* **PROBLEM REQUIREMENTS**: Please read the records below and return each line holding the string "update".

Records from a data source
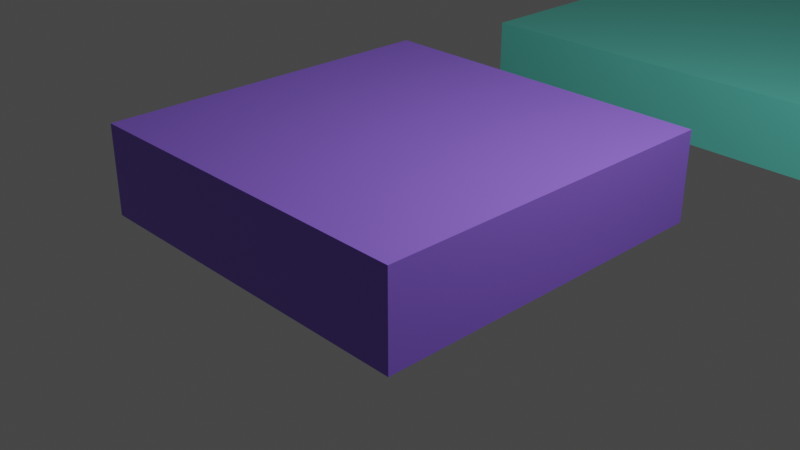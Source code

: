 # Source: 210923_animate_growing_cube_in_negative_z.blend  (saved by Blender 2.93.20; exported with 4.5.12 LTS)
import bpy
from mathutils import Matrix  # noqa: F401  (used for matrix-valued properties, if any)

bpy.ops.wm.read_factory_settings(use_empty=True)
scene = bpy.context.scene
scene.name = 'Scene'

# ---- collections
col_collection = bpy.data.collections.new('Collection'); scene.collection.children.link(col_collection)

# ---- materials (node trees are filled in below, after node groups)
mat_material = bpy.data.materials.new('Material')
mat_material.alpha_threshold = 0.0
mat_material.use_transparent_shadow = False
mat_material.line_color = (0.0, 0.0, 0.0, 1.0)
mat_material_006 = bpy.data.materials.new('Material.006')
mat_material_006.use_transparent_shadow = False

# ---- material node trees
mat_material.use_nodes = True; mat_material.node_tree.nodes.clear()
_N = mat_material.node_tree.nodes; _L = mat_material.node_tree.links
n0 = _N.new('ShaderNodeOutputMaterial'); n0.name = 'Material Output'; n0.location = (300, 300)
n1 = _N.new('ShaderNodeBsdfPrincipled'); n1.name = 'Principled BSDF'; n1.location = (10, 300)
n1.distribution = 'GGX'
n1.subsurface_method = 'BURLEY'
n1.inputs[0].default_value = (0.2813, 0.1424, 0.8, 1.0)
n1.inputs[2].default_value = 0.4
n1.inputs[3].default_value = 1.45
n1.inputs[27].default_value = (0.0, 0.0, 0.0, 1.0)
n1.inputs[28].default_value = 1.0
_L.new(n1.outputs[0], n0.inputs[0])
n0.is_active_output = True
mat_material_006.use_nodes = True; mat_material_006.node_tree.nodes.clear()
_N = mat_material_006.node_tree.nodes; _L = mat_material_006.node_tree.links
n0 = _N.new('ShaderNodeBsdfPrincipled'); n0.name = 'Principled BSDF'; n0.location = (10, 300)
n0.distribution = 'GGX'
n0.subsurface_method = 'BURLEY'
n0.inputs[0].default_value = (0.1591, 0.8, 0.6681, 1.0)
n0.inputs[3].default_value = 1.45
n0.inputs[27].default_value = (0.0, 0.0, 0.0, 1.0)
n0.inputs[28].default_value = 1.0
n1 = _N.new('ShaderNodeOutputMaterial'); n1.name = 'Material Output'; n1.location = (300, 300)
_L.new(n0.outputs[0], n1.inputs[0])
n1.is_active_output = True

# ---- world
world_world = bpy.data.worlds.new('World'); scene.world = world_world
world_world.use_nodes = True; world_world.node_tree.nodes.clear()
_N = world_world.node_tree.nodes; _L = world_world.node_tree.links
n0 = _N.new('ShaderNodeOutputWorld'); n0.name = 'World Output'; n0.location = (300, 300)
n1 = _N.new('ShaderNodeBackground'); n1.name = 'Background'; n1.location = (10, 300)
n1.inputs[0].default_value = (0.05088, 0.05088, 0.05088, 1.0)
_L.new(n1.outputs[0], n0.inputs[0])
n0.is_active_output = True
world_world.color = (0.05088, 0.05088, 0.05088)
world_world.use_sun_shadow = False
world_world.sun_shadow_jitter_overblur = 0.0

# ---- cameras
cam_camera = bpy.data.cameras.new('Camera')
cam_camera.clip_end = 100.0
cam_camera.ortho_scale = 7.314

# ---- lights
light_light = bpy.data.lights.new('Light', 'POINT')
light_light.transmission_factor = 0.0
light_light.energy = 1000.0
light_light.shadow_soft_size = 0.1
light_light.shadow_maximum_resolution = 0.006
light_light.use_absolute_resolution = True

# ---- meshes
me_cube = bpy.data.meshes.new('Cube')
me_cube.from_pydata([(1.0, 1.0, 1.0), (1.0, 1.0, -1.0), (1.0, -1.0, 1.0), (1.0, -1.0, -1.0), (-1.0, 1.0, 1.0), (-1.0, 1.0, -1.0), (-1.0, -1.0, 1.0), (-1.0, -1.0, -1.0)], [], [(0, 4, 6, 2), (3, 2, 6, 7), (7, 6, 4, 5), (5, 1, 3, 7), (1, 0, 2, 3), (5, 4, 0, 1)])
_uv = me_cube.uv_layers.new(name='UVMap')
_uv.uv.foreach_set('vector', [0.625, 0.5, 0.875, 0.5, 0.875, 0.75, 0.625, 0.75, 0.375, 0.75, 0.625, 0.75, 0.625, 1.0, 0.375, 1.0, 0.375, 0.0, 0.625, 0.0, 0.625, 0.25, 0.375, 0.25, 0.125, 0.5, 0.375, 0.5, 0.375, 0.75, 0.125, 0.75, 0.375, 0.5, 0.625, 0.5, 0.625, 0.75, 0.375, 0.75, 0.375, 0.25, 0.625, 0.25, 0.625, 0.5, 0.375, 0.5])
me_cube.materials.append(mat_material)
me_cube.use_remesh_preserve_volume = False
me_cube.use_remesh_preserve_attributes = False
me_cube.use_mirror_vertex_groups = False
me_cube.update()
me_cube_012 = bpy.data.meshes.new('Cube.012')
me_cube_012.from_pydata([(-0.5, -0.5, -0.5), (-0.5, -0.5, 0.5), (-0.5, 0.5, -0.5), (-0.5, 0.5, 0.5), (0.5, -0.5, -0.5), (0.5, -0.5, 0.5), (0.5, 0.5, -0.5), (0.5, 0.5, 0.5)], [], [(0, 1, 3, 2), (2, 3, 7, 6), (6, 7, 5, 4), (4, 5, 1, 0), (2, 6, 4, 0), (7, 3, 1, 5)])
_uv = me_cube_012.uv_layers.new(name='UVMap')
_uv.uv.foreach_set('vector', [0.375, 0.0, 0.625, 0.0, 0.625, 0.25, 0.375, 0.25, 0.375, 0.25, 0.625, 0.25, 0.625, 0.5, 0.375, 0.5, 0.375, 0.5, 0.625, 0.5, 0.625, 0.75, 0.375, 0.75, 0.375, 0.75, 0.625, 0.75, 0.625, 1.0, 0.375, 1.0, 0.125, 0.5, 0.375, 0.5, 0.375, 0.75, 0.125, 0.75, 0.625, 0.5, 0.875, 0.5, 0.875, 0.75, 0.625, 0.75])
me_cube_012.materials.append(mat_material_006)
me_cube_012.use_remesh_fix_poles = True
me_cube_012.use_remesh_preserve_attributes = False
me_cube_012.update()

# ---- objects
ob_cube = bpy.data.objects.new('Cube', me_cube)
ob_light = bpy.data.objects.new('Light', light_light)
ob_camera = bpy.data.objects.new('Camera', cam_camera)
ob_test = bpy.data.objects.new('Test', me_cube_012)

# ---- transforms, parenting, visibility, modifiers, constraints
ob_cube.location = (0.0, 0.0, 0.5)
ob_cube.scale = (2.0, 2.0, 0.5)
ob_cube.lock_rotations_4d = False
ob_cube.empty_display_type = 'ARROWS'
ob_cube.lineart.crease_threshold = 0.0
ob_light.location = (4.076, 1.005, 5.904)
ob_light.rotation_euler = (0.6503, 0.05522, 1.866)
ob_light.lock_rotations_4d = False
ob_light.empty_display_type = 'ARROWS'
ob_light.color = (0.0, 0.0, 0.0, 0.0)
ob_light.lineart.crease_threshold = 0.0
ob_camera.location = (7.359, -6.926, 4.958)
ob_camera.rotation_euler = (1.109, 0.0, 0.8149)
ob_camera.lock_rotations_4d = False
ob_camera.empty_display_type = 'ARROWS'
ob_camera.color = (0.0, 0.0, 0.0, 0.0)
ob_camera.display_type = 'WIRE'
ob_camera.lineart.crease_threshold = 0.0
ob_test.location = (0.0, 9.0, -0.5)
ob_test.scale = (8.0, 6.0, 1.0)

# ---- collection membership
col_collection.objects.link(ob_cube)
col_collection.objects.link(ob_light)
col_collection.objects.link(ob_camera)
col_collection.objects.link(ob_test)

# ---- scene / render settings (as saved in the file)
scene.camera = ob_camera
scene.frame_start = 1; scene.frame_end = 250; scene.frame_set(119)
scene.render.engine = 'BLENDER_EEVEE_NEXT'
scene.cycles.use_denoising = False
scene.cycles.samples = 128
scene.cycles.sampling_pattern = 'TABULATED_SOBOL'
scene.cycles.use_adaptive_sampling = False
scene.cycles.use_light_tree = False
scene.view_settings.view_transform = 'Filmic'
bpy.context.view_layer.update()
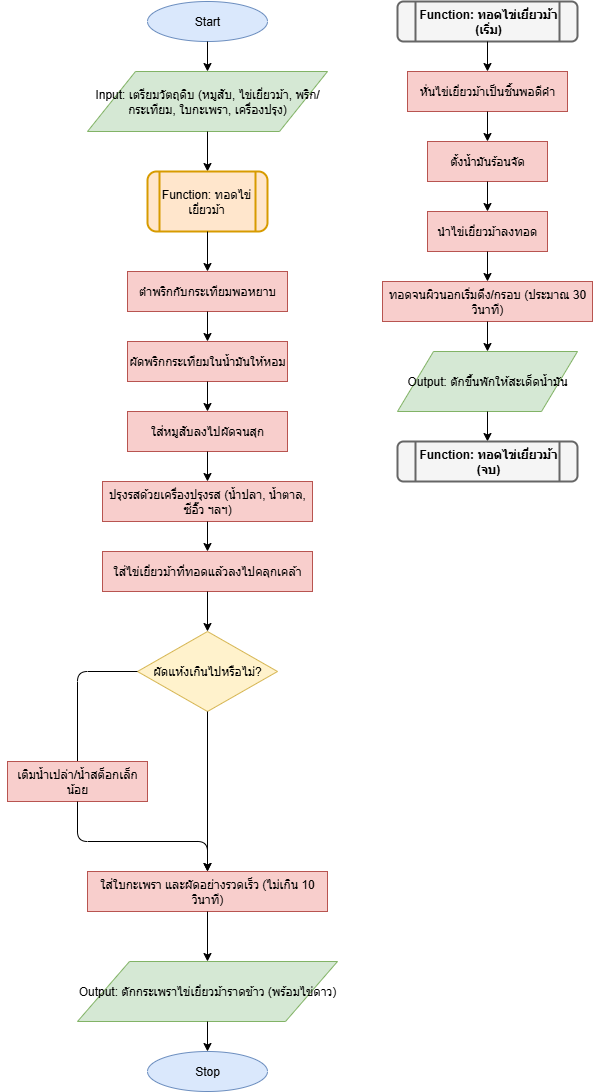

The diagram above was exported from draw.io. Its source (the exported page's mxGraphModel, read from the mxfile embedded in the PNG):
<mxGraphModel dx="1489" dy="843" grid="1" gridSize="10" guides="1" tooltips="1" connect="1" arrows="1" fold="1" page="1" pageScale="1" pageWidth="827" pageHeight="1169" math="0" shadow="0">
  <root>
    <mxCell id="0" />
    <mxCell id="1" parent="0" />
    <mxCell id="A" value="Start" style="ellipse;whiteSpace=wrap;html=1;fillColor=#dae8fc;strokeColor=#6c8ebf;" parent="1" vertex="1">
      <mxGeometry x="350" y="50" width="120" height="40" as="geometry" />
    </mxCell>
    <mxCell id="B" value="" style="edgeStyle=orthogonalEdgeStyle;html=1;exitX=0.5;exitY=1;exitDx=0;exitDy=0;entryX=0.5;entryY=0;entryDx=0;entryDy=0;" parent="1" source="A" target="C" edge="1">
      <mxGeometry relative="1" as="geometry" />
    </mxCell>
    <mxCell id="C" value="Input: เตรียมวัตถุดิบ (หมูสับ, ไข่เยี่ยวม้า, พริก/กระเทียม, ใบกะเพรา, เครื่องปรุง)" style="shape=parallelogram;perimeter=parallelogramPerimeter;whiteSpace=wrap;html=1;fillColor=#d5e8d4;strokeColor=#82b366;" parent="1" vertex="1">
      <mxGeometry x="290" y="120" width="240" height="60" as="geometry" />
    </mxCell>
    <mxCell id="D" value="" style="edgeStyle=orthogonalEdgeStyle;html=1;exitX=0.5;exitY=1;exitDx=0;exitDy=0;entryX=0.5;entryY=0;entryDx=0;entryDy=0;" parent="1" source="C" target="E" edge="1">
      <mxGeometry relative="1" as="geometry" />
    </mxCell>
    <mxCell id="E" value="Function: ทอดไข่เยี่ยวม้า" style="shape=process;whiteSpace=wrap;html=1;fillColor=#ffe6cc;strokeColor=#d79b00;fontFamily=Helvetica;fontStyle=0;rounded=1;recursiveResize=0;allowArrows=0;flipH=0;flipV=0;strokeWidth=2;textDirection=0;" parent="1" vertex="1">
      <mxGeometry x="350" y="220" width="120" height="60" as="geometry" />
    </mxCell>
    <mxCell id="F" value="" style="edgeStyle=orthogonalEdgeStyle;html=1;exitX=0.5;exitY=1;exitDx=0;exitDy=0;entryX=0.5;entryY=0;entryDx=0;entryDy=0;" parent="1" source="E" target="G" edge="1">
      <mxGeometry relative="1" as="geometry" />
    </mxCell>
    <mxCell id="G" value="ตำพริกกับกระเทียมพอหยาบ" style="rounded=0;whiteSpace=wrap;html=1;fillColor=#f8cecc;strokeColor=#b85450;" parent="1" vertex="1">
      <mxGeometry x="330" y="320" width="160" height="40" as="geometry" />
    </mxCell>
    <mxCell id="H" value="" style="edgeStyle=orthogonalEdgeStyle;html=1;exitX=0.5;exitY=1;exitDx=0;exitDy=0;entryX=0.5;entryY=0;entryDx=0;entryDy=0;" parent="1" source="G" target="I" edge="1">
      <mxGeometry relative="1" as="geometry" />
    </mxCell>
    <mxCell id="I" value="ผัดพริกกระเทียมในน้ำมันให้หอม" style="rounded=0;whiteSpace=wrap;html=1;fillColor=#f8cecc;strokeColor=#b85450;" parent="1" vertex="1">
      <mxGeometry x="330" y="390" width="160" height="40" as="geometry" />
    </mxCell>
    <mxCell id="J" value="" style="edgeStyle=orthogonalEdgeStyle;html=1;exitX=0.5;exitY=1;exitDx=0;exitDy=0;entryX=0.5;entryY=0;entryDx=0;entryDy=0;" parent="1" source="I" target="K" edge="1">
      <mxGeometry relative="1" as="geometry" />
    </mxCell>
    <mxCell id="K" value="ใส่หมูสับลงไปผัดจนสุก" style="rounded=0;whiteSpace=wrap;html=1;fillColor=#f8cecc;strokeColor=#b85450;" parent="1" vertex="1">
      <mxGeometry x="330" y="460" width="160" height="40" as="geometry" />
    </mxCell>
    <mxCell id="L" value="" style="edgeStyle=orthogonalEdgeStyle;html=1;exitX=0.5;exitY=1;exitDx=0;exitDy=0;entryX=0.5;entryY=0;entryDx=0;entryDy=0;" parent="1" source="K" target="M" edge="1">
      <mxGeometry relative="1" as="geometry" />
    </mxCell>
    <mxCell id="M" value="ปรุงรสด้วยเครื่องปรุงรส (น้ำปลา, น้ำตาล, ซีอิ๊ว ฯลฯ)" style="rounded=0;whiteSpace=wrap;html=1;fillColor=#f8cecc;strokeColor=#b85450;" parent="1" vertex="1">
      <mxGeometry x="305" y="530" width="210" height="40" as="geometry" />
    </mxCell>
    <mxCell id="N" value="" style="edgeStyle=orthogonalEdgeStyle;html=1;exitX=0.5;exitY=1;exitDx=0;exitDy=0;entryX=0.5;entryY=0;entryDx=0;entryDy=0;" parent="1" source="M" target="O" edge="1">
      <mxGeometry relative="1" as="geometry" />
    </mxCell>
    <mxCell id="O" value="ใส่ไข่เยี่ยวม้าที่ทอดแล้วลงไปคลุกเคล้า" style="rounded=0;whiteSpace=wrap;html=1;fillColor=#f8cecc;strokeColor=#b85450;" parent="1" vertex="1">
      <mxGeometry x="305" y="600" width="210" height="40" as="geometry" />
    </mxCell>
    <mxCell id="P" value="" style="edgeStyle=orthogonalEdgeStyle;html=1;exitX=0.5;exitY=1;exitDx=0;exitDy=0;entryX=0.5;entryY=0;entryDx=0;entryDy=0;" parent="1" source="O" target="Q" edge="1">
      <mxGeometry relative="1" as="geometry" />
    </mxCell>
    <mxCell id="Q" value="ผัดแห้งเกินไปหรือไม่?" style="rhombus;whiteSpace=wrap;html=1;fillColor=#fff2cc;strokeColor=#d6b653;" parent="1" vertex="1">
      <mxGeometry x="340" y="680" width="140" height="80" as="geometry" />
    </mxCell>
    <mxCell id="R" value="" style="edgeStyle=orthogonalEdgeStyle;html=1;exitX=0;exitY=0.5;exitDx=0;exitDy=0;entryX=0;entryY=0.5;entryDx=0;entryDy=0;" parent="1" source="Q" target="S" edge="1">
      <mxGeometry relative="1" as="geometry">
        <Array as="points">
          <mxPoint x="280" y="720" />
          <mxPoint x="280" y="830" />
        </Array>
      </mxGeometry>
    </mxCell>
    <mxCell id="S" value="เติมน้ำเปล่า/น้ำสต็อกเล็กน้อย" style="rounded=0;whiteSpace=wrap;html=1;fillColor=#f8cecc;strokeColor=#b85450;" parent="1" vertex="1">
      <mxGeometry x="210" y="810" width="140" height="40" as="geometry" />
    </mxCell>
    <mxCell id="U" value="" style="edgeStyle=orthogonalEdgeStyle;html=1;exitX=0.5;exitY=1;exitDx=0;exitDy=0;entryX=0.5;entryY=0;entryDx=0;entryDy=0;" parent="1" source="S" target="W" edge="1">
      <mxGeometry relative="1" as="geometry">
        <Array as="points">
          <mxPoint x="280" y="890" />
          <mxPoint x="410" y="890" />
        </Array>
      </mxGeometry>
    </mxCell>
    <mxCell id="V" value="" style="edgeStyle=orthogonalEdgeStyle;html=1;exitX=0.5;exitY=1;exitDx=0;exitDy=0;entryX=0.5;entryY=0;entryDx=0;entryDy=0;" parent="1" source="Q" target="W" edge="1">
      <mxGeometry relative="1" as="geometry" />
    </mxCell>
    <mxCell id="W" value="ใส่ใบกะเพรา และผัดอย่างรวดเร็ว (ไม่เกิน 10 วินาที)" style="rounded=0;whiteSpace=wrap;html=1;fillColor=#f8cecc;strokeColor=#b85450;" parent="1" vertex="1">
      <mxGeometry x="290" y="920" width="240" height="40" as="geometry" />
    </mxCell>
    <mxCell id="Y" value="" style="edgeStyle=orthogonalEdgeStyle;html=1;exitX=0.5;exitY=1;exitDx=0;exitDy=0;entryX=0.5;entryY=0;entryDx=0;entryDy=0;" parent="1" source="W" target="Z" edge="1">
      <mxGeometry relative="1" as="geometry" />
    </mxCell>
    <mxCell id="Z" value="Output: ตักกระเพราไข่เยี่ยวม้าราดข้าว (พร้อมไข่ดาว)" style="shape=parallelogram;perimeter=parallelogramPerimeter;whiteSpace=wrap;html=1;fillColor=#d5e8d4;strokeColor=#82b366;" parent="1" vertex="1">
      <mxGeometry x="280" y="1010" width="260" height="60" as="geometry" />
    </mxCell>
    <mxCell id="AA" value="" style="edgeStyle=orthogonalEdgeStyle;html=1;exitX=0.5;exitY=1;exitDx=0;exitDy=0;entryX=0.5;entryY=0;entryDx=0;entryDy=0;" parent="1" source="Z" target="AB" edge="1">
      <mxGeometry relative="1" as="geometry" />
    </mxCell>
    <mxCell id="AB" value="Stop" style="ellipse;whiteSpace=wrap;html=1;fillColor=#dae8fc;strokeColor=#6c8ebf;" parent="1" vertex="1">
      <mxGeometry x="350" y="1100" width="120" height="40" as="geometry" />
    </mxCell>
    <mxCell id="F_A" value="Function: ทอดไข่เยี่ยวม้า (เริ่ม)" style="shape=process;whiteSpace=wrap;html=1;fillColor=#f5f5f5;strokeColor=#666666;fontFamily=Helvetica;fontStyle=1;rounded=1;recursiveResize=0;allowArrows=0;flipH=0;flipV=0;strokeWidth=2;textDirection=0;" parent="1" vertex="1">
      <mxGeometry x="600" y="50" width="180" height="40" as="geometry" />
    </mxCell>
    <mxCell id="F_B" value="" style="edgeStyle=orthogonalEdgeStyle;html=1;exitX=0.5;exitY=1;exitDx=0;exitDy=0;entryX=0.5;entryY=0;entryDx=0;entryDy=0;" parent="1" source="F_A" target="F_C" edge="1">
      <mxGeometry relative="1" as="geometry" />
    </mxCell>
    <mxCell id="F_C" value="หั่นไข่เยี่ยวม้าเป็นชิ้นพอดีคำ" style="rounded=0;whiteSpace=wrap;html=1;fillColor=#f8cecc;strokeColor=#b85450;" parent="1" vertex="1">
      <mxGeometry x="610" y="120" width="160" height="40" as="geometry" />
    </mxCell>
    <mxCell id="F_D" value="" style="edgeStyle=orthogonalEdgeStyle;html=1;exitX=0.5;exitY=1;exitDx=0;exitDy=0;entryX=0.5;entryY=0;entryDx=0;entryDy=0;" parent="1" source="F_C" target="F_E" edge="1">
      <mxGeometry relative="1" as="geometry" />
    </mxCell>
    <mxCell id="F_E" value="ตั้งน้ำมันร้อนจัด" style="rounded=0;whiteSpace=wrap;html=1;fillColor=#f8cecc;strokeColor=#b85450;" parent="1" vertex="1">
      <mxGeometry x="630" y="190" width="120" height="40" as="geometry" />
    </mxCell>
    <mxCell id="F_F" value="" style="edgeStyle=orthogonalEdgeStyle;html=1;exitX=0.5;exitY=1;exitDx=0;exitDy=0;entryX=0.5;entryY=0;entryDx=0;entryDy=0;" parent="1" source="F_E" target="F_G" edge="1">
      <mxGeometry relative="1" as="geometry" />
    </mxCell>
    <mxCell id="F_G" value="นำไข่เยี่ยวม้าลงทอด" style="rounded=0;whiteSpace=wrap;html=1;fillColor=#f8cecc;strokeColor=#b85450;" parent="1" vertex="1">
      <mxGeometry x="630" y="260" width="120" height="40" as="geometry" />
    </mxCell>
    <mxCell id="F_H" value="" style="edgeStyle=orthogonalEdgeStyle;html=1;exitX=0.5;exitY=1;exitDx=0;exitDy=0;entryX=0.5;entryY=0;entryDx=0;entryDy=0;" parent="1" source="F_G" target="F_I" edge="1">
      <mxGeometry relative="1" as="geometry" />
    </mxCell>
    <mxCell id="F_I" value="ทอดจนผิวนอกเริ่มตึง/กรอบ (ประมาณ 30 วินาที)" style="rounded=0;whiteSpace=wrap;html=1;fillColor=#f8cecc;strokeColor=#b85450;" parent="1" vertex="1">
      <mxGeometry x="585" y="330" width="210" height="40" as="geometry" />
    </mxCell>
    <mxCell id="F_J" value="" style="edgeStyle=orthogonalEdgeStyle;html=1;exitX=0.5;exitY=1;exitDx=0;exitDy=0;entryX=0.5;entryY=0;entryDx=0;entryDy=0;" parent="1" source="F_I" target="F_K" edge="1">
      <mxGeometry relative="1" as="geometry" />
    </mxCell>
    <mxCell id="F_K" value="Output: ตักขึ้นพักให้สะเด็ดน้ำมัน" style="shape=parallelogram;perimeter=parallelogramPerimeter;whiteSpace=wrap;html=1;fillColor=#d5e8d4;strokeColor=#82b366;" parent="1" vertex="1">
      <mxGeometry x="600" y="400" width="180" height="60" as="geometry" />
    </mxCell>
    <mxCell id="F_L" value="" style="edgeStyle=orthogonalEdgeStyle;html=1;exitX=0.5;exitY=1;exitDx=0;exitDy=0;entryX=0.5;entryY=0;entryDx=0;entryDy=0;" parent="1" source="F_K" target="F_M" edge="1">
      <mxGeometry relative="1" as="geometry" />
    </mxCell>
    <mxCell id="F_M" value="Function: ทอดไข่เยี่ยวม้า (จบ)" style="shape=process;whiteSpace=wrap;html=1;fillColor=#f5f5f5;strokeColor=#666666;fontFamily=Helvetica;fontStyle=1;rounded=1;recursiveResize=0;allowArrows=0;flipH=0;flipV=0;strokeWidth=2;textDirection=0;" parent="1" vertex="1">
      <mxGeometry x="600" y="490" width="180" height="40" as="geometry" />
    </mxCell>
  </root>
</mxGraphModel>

* **WRITTEN ANSWER**:
me_cube.update()
me_cube_012.update()
bpy.context.view_layer.update()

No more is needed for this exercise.